Unnamed: 0,bus,car,carpool,rail
1,0.02323985,0.95992632,0.003898082,0.01293575
10,0.01594586,0.81969423,0.070206581,0.09415332
100,0.60213017,0.31647392,0.042211299,0.03918461
101,0.29674708,0.06135665,0.054066439,0.58782984
102,0.3051825,0.39452095,0.013029398,0.28726715
103,0.03184252,0.88666615,0.038620002,0.04287132


### Predicted Choice Probabilities

Using `fitted(model_mnl, type = "probabilities")`, we obtain each respondent’s predicted probability of choosing each mode.
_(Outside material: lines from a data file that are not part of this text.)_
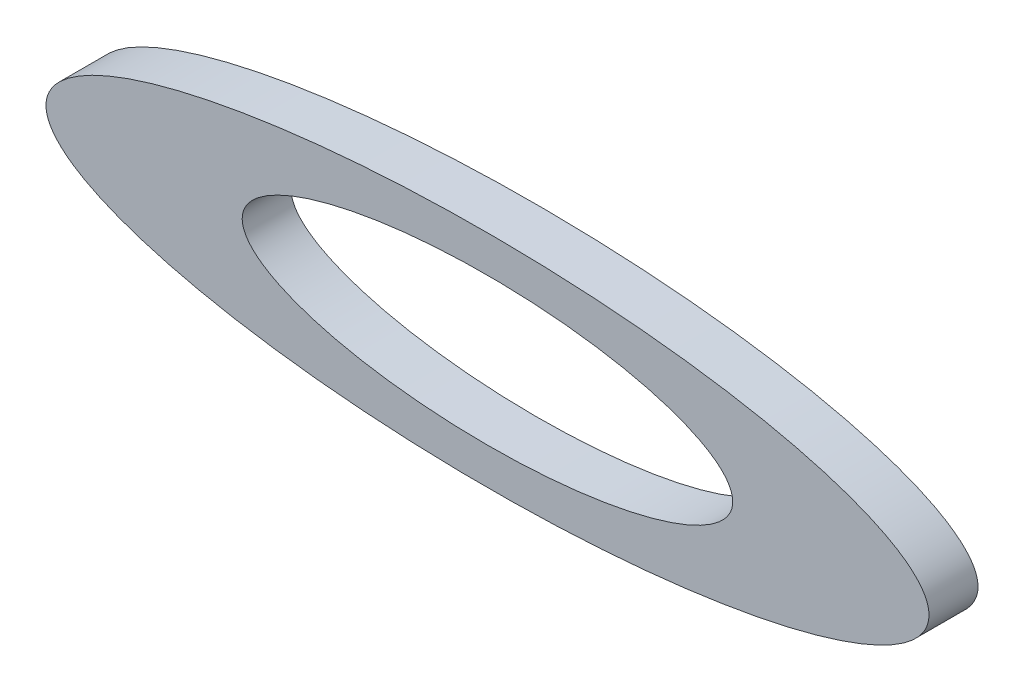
ISO-10303-21;
HEADER;
FILE_DESCRIPTION(('STEP AP214'),'2;1');
FILE_NAME('part.step','',(''),(''),'','','');
FILE_SCHEMA(('AUTOMOTIVE_DESIGN { 1 0 10303 214 1 1 1 1 }'));
ENDSEC;
DATA;
#1=APPLICATION_CONTEXT('core data for automotive mechanical design processes');
#2=APPLICATION_PROTOCOL_DEFINITION('international standard','automotive_design',2000,#1);
#3=PRODUCT_CONTEXT('',#1,'mechanical');
#4=PRODUCT('Part','Part','',(#3));
#5=PRODUCT_RELATED_PRODUCT_CATEGORY('part','',(#4));
#6=PRODUCT_DEFINITION_FORMATION('','',#4);
#7=PRODUCT_DEFINITION_CONTEXT('part definition',#1,'design');
#8=PRODUCT_DEFINITION('design','',#6,#7);
#9=PRODUCT_DEFINITION_SHAPE('','',#8);
#10=(LENGTH_UNIT() NAMED_UNIT(*) SI_UNIT(.MILLI.,.METRE.));
#11=(NAMED_UNIT(*) PLANE_ANGLE_UNIT() SI_UNIT($,.RADIAN.));
#12=(NAMED_UNIT(*) SI_UNIT($,.STERADIAN.) SOLID_ANGLE_UNIT());
#13=UNCERTAINTY_MEASURE_WITH_UNIT(LENGTH_MEASURE(1.E-05),#10,'distance_accuracy_value','');
#14=(GEOMETRIC_REPRESENTATION_CONTEXT(3) GLOBAL_UNCERTAINTY_ASSIGNED_CONTEXT((#13)) GLOBAL_UNIT_ASSIGNED_CONTEXT((#10,
#11,#12)) REPRESENTATION_CONTEXT('',''));
#15=CARTESIAN_POINT('',(0.,0.,0.));
#16=DIRECTION('',(0.,0.,1.));
#17=DIRECTION('',(1.,0.,0.));
#18=AXIS2_PLACEMENT_3D('',#15,#16,#17);
#19=CARTESIAN_POINT('',(0.,0.,10.));
#20=DIRECTION('',(0.,0.,1.));
#21=DIRECTION('',(1.,0.,0.));
#22=AXIS2_PLACEMENT_3D('',#19,#20,#21);
#23=PLANE('',#22);
#24=CARTESIAN_POINT('',(0.,0.,10.));
#25=DIRECTION('',(0.,0.,1.));
#26=DIRECTION('',(1.,0.,0.));
#27=AXIS2_PLACEMENT_3D('',#24,#25,#26);
#28=ELLIPSE('',#27,90.,22.5);
#29=CARTESIAN_POINT('',(90.,0.,10.));
#30=VERTEX_POINT('',#29);
#31=EDGE_CURVE('E10',#30,#30,#28,.T.);
#32=ORIENTED_EDGE('',*,*,#31,.T.);
#33=EDGE_LOOP('',(#32));
#34=FACE_BOUND('',#33,.T.);
#35=CARTESIAN_POINT('',(0.,0.,10.));
#36=DIRECTION('',(0.,0.,1.));
#37=DIRECTION('',(1.,0.,0.));
#38=AXIS2_PLACEMENT_3D('',#35,#36,#37);
#39=ELLIPSE('',#38,50.,15.);
#40=CARTESIAN_POINT('',(50.,0.,10.));
#41=VERTEX_POINT('',#40);
#42=EDGE_CURVE('E39',#41,#41,#39,.T.);
#43=ORIENTED_EDGE('',*,*,#42,.F.);
#44=EDGE_LOOP('',(#43));
#45=FACE_BOUND('',#44,.T.);
#46=ADVANCED_FACE('F27',(#34,#45),#23,.T.);
#47=CARTESIAN_POINT('',(0.,0.,0.));
#48=DIRECTION('',(0.,0.,1.));
#49=DIRECTION('',(1.,0.,0.));
#50=AXIS2_PLACEMENT_3D('',#47,#48,#49);
#51=PLANE('',#50);
#52=CARTESIAN_POINT('',(0.,0.,0.));
#53=DIRECTION('',(0.,0.,1.));
#54=DIRECTION('',(1.,0.,0.));
#55=AXIS2_PLACEMENT_3D('',#52,#53,#54);
#56=ELLIPSE('',#55,90.,22.5);
#57=CARTESIAN_POINT('',(90.,0.,0.));
#58=VERTEX_POINT('',#57);
#59=EDGE_CURVE('E35',#58,#58,#56,.T.);
#60=ORIENTED_EDGE('',*,*,#59,.F.);
#61=EDGE_LOOP('',(#60));
#62=FACE_BOUND('',#61,.T.);
#63=CARTESIAN_POINT('',(0.,0.,0.));
#64=DIRECTION('',(0.,0.,1.));
#65=DIRECTION('',(1.,0.,0.));
#66=AXIS2_PLACEMENT_3D('',#63,#64,#65);
#67=ELLIPSE('',#66,50.,15.);
#68=CARTESIAN_POINT('',(50.,0.,0.));
#69=VERTEX_POINT('',#68);
#70=EDGE_CURVE('E43',#69,#69,#67,.T.);
#71=ORIENTED_EDGE('',*,*,#70,.T.);
#72=EDGE_LOOP('',(#71));
#73=FACE_BOUND('',#72,.T.);
#74=ADVANCED_FACE('F52',(#62,#73),#51,.F.);
#75=DIRECTION('',(0.,0.,-1.));
#76=VECTOR('',#75,1.);
#77=SURFACE_OF_LINEAR_EXTRUSION('',#28,#76);
#78=ORIENTED_EDGE('',*,*,#31,.F.);
#79=EDGE_LOOP('',(#78));
#80=FACE_BOUND('',#79,.T.);
#81=ORIENTED_EDGE('',*,*,#59,.T.);
#82=EDGE_LOOP('',(#81));
#83=FACE_BOUND('',#82,.T.);
#84=ADVANCED_FACE('F29',(#80,#83),#77,.F.);
#85=DIRECTION('',(0.,0.,-1.));
#86=VECTOR('',#85,1.);
#87=SURFACE_OF_LINEAR_EXTRUSION('',#39,#86);
#88=ORIENTED_EDGE('',*,*,#42,.T.);
#89=EDGE_LOOP('',(#88));
#90=FACE_BOUND('',#89,.T.);
#91=ORIENTED_EDGE('',*,*,#70,.F.);
#92=EDGE_LOOP('',(#91));
#93=FACE_BOUND('',#92,.T.);
#94=ADVANCED_FACE('F48',(#90,#93),#87,.T.);
#95=CLOSED_SHELL('',(#46,#74,#84,#94));
#96=MANIFOLD_SOLID_BREP('B2',#95);
#97=ADVANCED_BREP_SHAPE_REPRESENTATION('',(#18,#96),#14);
#98=SHAPE_DEFINITION_REPRESENTATION(#9,#97);
ENDSEC;
END-ISO-10303-21;
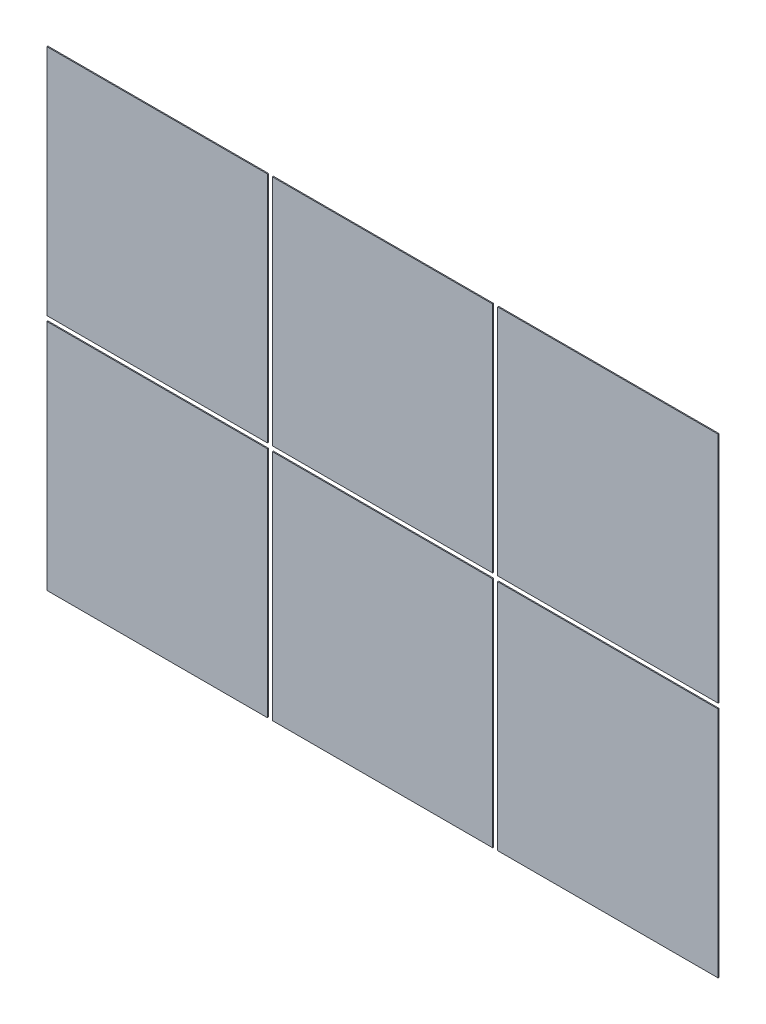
ISO-10303-21;
HEADER;
FILE_DESCRIPTION(('STEP AP214'),'2;1');
FILE_NAME('part.step','',(''),(''),'','','');
FILE_SCHEMA(('AUTOMOTIVE_DESIGN { 1 0 10303 214 1 1 1 1 }'));
ENDSEC;
DATA;
#1=APPLICATION_CONTEXT('core data for automotive mechanical design processes');
#2=APPLICATION_PROTOCOL_DEFINITION('international standard','automotive_design',2000,#1);
#3=PRODUCT_CONTEXT('',#1,'mechanical');
#4=PRODUCT('Part','Part','',(#3));
#5=PRODUCT_RELATED_PRODUCT_CATEGORY('part','',(#4));
#6=PRODUCT_DEFINITION_FORMATION('','',#4);
#7=PRODUCT_DEFINITION_CONTEXT('part definition',#1,'design');
#8=PRODUCT_DEFINITION('design','',#6,#7);
#9=PRODUCT_DEFINITION_SHAPE('','',#8);
#10=(LENGTH_UNIT() NAMED_UNIT(*) SI_UNIT(.MILLI.,.METRE.));
#11=(NAMED_UNIT(*) PLANE_ANGLE_UNIT() SI_UNIT($,.RADIAN.));
#12=(NAMED_UNIT(*) SI_UNIT($,.STERADIAN.) SOLID_ANGLE_UNIT());
#13=UNCERTAINTY_MEASURE_WITH_UNIT(LENGTH_MEASURE(1.E-05),#10,'distance_accuracy_value','');
#14=(GEOMETRIC_REPRESENTATION_CONTEXT(3) GLOBAL_UNCERTAINTY_ASSIGNED_CONTEXT((#13)) GLOBAL_UNIT_ASSIGNED_CONTEXT((#10,
#11,#12)) REPRESENTATION_CONTEXT('',''));
#15=CARTESIAN_POINT('',(0.,0.,0.));
#16=DIRECTION('',(0.,0.,1.));
#17=DIRECTION('',(1.,0.,0.));
#18=AXIS2_PLACEMENT_3D('',#15,#16,#17);
#19=CARTESIAN_POINT('',(-460.,-960.,0.0999999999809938));
#20=DIRECTION('',(-1.,0.,0.));
#21=DIRECTION('',(0.,0.,1.));
#22=AXIS2_PLACEMENT_3D('',#19,#20,#21);
#23=PLANE('',#22);
#24=DIRECTION('',(0.,-1.,0.));
#25=VECTOR('',#24,1.);
#26=CARTESIAN_POINT('',(-460.,-960.,4.09999999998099));
#27=LINE('',#26,#25);
#28=CARTESIAN_POINT('',(-460.,-960.,4.09999999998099));
#29=VERTEX_POINT('',#28);
#30=CARTESIAN_POINT('',(-460.,-1890.,4.09999999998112));
#31=VERTEX_POINT('',#30);
#32=EDGE_CURVE('E113',#29,#31,#27,.T.);
#33=ORIENTED_EDGE('',*,*,#32,.T.);
#34=DIRECTION('',(0.,0.,1.));
#35=VECTOR('',#34,1.);
#36=CARTESIAN_POINT('',(-460.,-1890.,0.0999999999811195));
#37=LINE('',#36,#35);
#38=CARTESIAN_POINT('',(-460.,-1890.,0.0999999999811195));
#39=VERTEX_POINT('',#38);
#40=EDGE_CURVE('E12',#39,#31,#37,.T.);
#41=ORIENTED_EDGE('',*,*,#40,.F.);
#42=DIRECTION('',(0.,-1.,0.));
#43=VECTOR('',#42,1.);
#44=CARTESIAN_POINT('',(-460.,-960.,0.0999999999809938));
#45=LINE('',#44,#43);
#46=CARTESIAN_POINT('',(-460.,-960.,0.0999999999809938));
#47=VERTEX_POINT('',#46);
#48=EDGE_CURVE('E101',#47,#39,#45,.T.);
#49=ORIENTED_EDGE('',*,*,#48,.F.);
#50=DIRECTION('',(0.,0.,1.));
#51=VECTOR('',#50,1.);
#52=CARTESIAN_POINT('',(-460.,-960.,0.0999999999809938));
#53=LINE('',#52,#51);
#54=EDGE_CURVE('E109',#47,#29,#53,.T.);
#55=ORIENTED_EDGE('',*,*,#54,.T.);
#56=EDGE_LOOP('',(#33,#41,#49,#55));
#57=FACE_BOUND('',#56,.T.);
#58=ADVANCED_FACE('F50',(#57),#23,.F.);
#59=CARTESIAN_POINT('',(-460.,-1890.,0.0999999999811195));
#60=DIRECTION('',(0.,1.,0.));
#61=DIRECTION('',(0.,0.,1.));
#62=AXIS2_PLACEMENT_3D('',#59,#60,#61);
#63=PLANE('',#62);
#64=DIRECTION('',(-1.,0.,0.));
#65=VECTOR('',#64,1.);
#66=CARTESIAN_POINT('',(-460.,-1890.,4.09999999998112));
#67=LINE('',#66,#65);
#68=CARTESIAN_POINT('',(-1340.,-1890.,4.09999999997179));
#69=VERTEX_POINT('',#68);
#70=EDGE_CURVE('E105',#31,#69,#67,.T.);
#71=ORIENTED_EDGE('',*,*,#70,.T.);
#72=DIRECTION('',(0.,0.,1.));
#73=VECTOR('',#72,1.);
#74=CARTESIAN_POINT('',(-1340.,-1890.,0.0999999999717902));
#75=LINE('',#74,#73);
#76=CARTESIAN_POINT('',(-1340.,-1890.,0.0999999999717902));
#77=VERTEX_POINT('',#76);
#78=EDGE_CURVE('E58',#77,#69,#75,.T.);
#79=ORIENTED_EDGE('',*,*,#78,.F.);
#80=DIRECTION('',(-1.,0.,0.));
#81=VECTOR('',#80,1.);
#82=CARTESIAN_POINT('',(-460.,-1890.,0.0999999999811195));
#83=LINE('',#82,#81);
#84=EDGE_CURVE('E96',#39,#77,#83,.T.);
#85=ORIENTED_EDGE('',*,*,#84,.F.);
#86=ORIENTED_EDGE('',*,*,#40,.T.);
#87=EDGE_LOOP('',(#71,#79,#85,#86));
#88=FACE_BOUND('',#87,.T.);
#89=ADVANCED_FACE('F104',(#88),#63,.F.);
#90=CARTESIAN_POINT('',(-1340.,-960.,0.0999999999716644));
#91=DIRECTION('',(1.,0.,0.));
#92=DIRECTION('',(0.,0.,-1.));
#93=AXIS2_PLACEMENT_3D('',#90,#91,#92);
#94=PLANE('',#93);
#95=DIRECTION('',(0.,1.,0.));
#96=VECTOR('',#95,1.);
#97=CARTESIAN_POINT('',(-1340.,-960.,4.09999999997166));
#98=LINE('',#97,#96);
#99=CARTESIAN_POINT('',(-1340.,-960.,4.09999999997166));
#100=VERTEX_POINT('',#99);
#101=EDGE_CURVE('E83',#69,#100,#98,.T.);
#102=ORIENTED_EDGE('',*,*,#101,.T.);
#103=DIRECTION('',(0.,0.,1.));
#104=VECTOR('',#103,1.);
#105=CARTESIAN_POINT('',(-1340.,-960.,0.0999999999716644));
#106=LINE('',#105,#104);
#107=CARTESIAN_POINT('',(-1340.,-960.,0.0999999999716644));
#108=VERTEX_POINT('',#107);
#109=EDGE_CURVE('E106',#108,#100,#106,.T.);
#110=ORIENTED_EDGE('',*,*,#109,.F.);
#111=DIRECTION('',(0.,1.,0.));
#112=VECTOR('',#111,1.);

Below are the first six individuals:

| id  |    bus   |    car   | carpool  |   rail   |
|----:|---------:|---------:|---------:|---------:|
|   1 | 0.023239 | 0.959926 | 0.003898 | 0.012936 |
|  10 | 0.015946 | 0.819694 | 0.070207 | 0.094153 |
| 100 | 0.602130 | 0.316474 | 0.042211 | 0.039185 |
| 101 | 0.296747 | 0.061357 | 0.054066 | 0.587830 |
| 102 | 0.305183 | 0.394521 | 0.013029 | 0.287267 |
| 103 | 0.031843 | 0.886666 | 0.038620 | 0.042871 |

- The entry in the **first row, last column** is **0.012936**.  
  - **Interpretation:** Individual 1 has about a **1.3%** predicted probability of choosing **rail** as their primary mode, given their cost and time attributes.

- By contrast, that same individual has a **95.99%** probability of choosing **car**, reflecting both the high alternative‐specific intercept for car and the trade‐off against cost/time.

- Looking at **respondent 100**, the model assigns a **60.2%** probability to **bus**, suggesting this person’s cost/time profile makes bus the most likely choice.

These probabilities let us see, at the individual level, how cost and time trade‐offs translate into mode‐choice likelihoods—and can be aggregated to predict changes in overall mode shares under different cost/time scenarios.  

---

# Task 5

In [10]:
# 1. Compute alternative‐specific mean cost/time
cost_means <- tapply(commute_raw$cost, commute_raw$mode, mean)
time_means <- tapply(commute_raw$time, commute_raw$mode, mean)

# 2. Extract model coefficients
coefs <- coef(model_mnl)
intercepts <- c(
    bus     = 0,
    car     = coefs["(Intercept):car"],
    carpool = coefs["(Intercept):carpool"],
    rail    = coefs["(Intercept):rail"]
)
beta_cost <- coefs["cost"]
beta_time <- coefs["time"]

# 3. Systematic utilities at mean covariates: V_j = α_j + β_cost·mean_cost_j + β_time·mean_time_j
V <- intercepts + beta_cost * cost_means + beta_time * time_means

# 4. Choice probabilities at mean: P_j = exp(V_j) / Σ_k exp(V_k)
P <- exp(V) / sum(exp(V))

# 5. Marginal effects of rail’s time on each P_j:
#    ∂P_j/∂time_rail = β_time * P_j * (I[j=="rail"] − P["rail"])
ME_time_rail <- beta_time * P * ((names(P) == "rail") - P["rail"])

# 6. Tabulate results
me_df <- data.frame(
    mode           = names(P),
    probability    = round(P, 6),
    ME_time_rail   = round(ME_time_rail, 6)
)
print(me_df)


           mode probability ME_time_rail
bus         bus    0.141337     0.002890
car         car    0.543267     0.011108
carpool carpool    0.075853     0.001551
rail       rail    0.239542    -0.015549


### Marginal Effects of Rail Travel Time

| Mode    | Predicted Probability | ∂P/∂(Rail Time) |
|:--------|----------------------:|----------------:|
| bus     | 0.141337              |  0.002890       |
| car     | 0.543267              |  0.011108       |
| carpool | 0.075853              |  0.001551       |
| rail    | 0.239542              | −0.015549       |

- **Last row, first column** (rail probability = **0.239542**):  
  At the mean cost/time profile, about **23.95%** of commuters choose rail as their primary mode.

- **Last row, last column** (∂P/∂(Rail Time) for rail = **−0.015549**):  
  A one‐minute increase in rail travel time **decreases** the probability of choosing rail by **1.55 percentage points**.

> **Note on substitution:**  
> Because the marginal effect on rail is negative, commuters displaced from rail by slower times reallocate to the other modes. For example, each extra minute of rail time increases car probability by about 1.11 percentage points.